La deuxième alternance ouvre la voie à une nouvelle ère politique. Macky Sall prête serment et fait la passation de service avec Abdoulaye Wade qui donne des instructions à ses ministres leur demandant de collaborer avec le nouveau régime, l’Etat étant une continuité. Macky nomme un premier ministre technocrate en la personne de Abdou Mbaye, un banquier, et un autre comme ministre des Finances. Le nouveau gouvernement est ouvert aux formations politiques avec qui il a partagé le combat :  il décide de gouverner avec la coalition Benno Bokk Yakaar.
Il trouve une situation financière catastrophique, le trésor ne disposant pas d’argent. Ainsi l’ancien président déclare que dans 3 mois, il ne pourrait plus honorer les engagements salariaux. Ce qui n’est pas une surprise au regard de la manière dont l’argent était distribué. Un ministre n’ayant même pas 3 millions de salaire se permettant de se promener avec des secs d’argent.
Avec la stabilité politique, les bailleurs avait confiance au Sénégal et n’avaient pas hésité à injecter de l’argent pour appuyer le nouveau régime avec qui le rapport de bon compagnonnage était établi à travers le programme Yonou Yokouté, programme établi avant la campagne électorale.
Les élections législatives se préparent. Pour gouverner dans la stabilité, il fallait avoir la majorité à l’Assemblée où il fallait adopter les lois conformes à la nouvelle orientation politique.

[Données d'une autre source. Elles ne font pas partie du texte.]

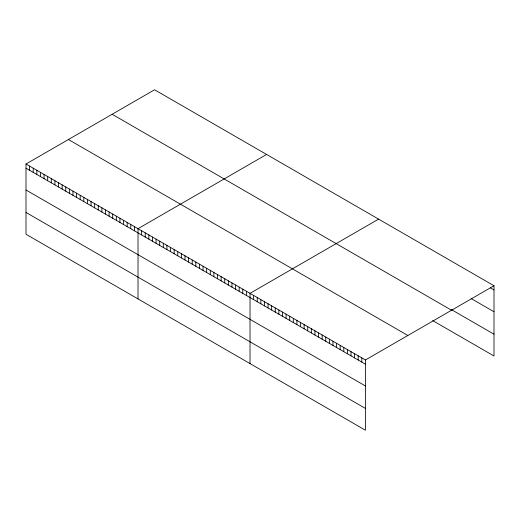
<?xml version="1.0" encoding="UTF-8"?>
<svg xmlns="http://www.w3.org/2000/svg" width="520" height="520" viewBox="0 0 520 520"><rect width="100%" height="100%" fill="white"/><g stroke="black" fill="none" stroke-linecap="round" stroke-linejoin="round"><path stroke-width="0.78" d="M26 164.008L365.43 359.976L365.43 430.222L26 234.254L26 164.008L154.57 89.778L494 285.747L494 355.992L432.692 320.593M266.584 154.447L138.015 228.677L138.015 298.922M378.593 219.115L250.023 293.345L250.023 363.591M365.43 359.976L494 285.747M490.393 287.872L494 289.952M471.159 298.558L494 311.747M451.321 309.562L494 334.197M112.145 114.276L451.575 310.245M68.425 139.516L407.856 335.478M26 168.214L365.43 364.182M26 190.008L365.43 385.976M26 212.459L365.43 408.428M361.822 357.897L361.822 362.102M358.215 355.81L358.215 360.016M354.607 353.73L354.607 357.935M351.007 351.65L351.007 355.856M347.399 349.563L347.399 353.769M343.791 347.484L343.791 351.689M340.184 345.404L340.184 349.609M336.576 343.317L336.576 347.522M332.969 341.237L332.969 345.443M329.368 339.157L329.368 343.363M325.761 337.071L325.761 341.276M322.153 334.99L322.153 339.196M318.546 332.911L318.546 337.116M314.938 330.824L314.938 335.029M311.331 328.744L311.331 332.95M307.73 326.664L307.73 330.87M304.122 324.578L304.122 328.783M300.514 322.498L300.514 326.703M296.907 320.418L296.907 324.623M293.3 318.331L293.3 322.536M289.692 316.251L289.692 320.457M286.091 314.171L286.091 318.377M282.483 312.084L282.483 316.29M278.876 310.005L278.876 314.21M275.269 307.925L275.269 312.13M271.661 305.838L271.661 310.043M268.053 303.758L268.053 307.964M264.453 301.678L264.453 305.883M260.845 299.592L260.845 303.797M257.238 297.512L257.238 301.717M253.63 295.432L253.63 299.637M246.409 291.258L246.409 295.471M242.794 289.172L242.794 293.384M239.187 287.092L239.187 291.298M235.573 285.006L235.573 289.211M231.959 282.919L231.959 287.125M228.345 280.833L228.345 285.038M224.731 278.746L224.731 282.952M221.117 276.659L221.117 280.865M217.503 274.573L217.503 278.779M213.889 272.486L213.889 276.692M210.275 270.4L210.275 274.606M206.661 268.314L206.661 272.519M203.053 266.227L203.053 270.433M199.44 264.141L199.44 268.346M195.826 262.054L195.826 266.26M192.212 259.968L192.212 264.173M188.597 257.881L188.597 262.087M184.983 255.794L184.983 260.007M181.369 253.714L181.369 257.92M177.756 251.628L177.756 255.833M174.142 249.542L174.142 253.747M170.534 247.455L170.534 251.661M166.92 245.369L166.92 249.574M163.306 243.282L163.306 247.488M159.692 241.196L159.692 245.401M156.078 239.109L156.078 243.315M152.464 237.022L152.464 241.228M148.85 234.936L148.85 239.142M145.236 232.85L145.236 237.055M141.622 230.763L141.622 234.969M134.401 226.59L134.401 230.796M130.787 224.504L130.787 228.709M127.173 222.417L127.173 226.629M123.559 220.331L123.559 224.542M119.945 218.25L119.945 222.456M116.331 216.164L116.331 220.369M112.716 214.078L112.716 218.283M109.103 211.991L109.103 216.197M105.495 209.905L105.495 214.11M101.881 207.818L101.881 212.024M98.267 205.732L98.267 209.937M94.653 203.645L94.653 207.85M91.039 201.558L91.039 205.764M87.425 199.472L87.425 203.678M83.811 197.386L83.811 201.591M80.197 195.299L80.197 199.505M76.583 193.213L76.583 197.418M72.975 191.126L72.975 195.332M69.361 189.04L69.361 193.245M65.748 186.953L65.748 191.165M62.134 184.867L62.134 189.078M58.52 182.786L58.52 186.992M54.906 180.7L54.906 184.906M51.291 178.614L51.291 182.819M47.677 176.527L47.677 180.733M44.064 174.441L44.064 178.646M40.456 172.354L40.456 176.56M36.842 170.268L36.842 174.473M33.228 168.181L33.228 172.386M29.614 166.095L29.614 170.3"/></g></svg>

Au sortir des élections, Benno obtient la majorité et décide de dérouler son programme. Le sénat et le Conseil économique et social sont dissouts. Moustapha Niasse est élu président de l’Assemblée Nationale Suite à un différend avec le Premier ministre, le ministre Alioune Badara Cissé-photo- quitte le gouvernement remplacé par Mankeur Ndiaye qui, juste après la passation de service, avait été nommé Ambassadeur du Sénégal en France. Il devient ministre des Affaires étrangères.  Makhtar Cissé reste à la tête de la douane où il avait réalisé des résultats que la douane n’a jamais obtenus. Ainsi le président Sall entame beaucoup de reformes dans la gouvernance du pays. Au niveau du foncier, secteur le plus problématique avec la dilapidation des terres, il met sur pied une commission dirigée par Maitre Doudou Ndoye pour proposer les réformes qu’il fallait. Le président Amadou Makhtar Mbow lui remet les conclusions des assises qu’il avait signées avec réserve. 

Le président Macky Sall décide d’améliorer son programme de gouvernance et l’adapter aux réalités de la gestion du pouvoir et le Yonou Yokouté cède sa place au Plan Sénégal Émergent. Un plan composé de plusieurs axes dont le financement avoisinait 7.000 milliards. Il apporte un réaménagement au niveau du gouvernement. Mr Amadou Bâ remplace Amadou Kane au finances et Makhtar Cissé devient ministre du Budget, Aminata Touré qui était à la Justice devient Premier ministre. Une délégation d’experts conduite par le ministre des Finances et celui du Budget se rend à Paris pour défendre le Plan Sénégal Émergent en vue de trouver le financement. A la tête de la diplomatie Mankeur Ndiaye apporte une nouvelle orientation. Après celle de bon voisinage, c’est la diplomatie économique qu’il fallait développer . Ainsi le Sénégal est place sur la rampe de l’émergence.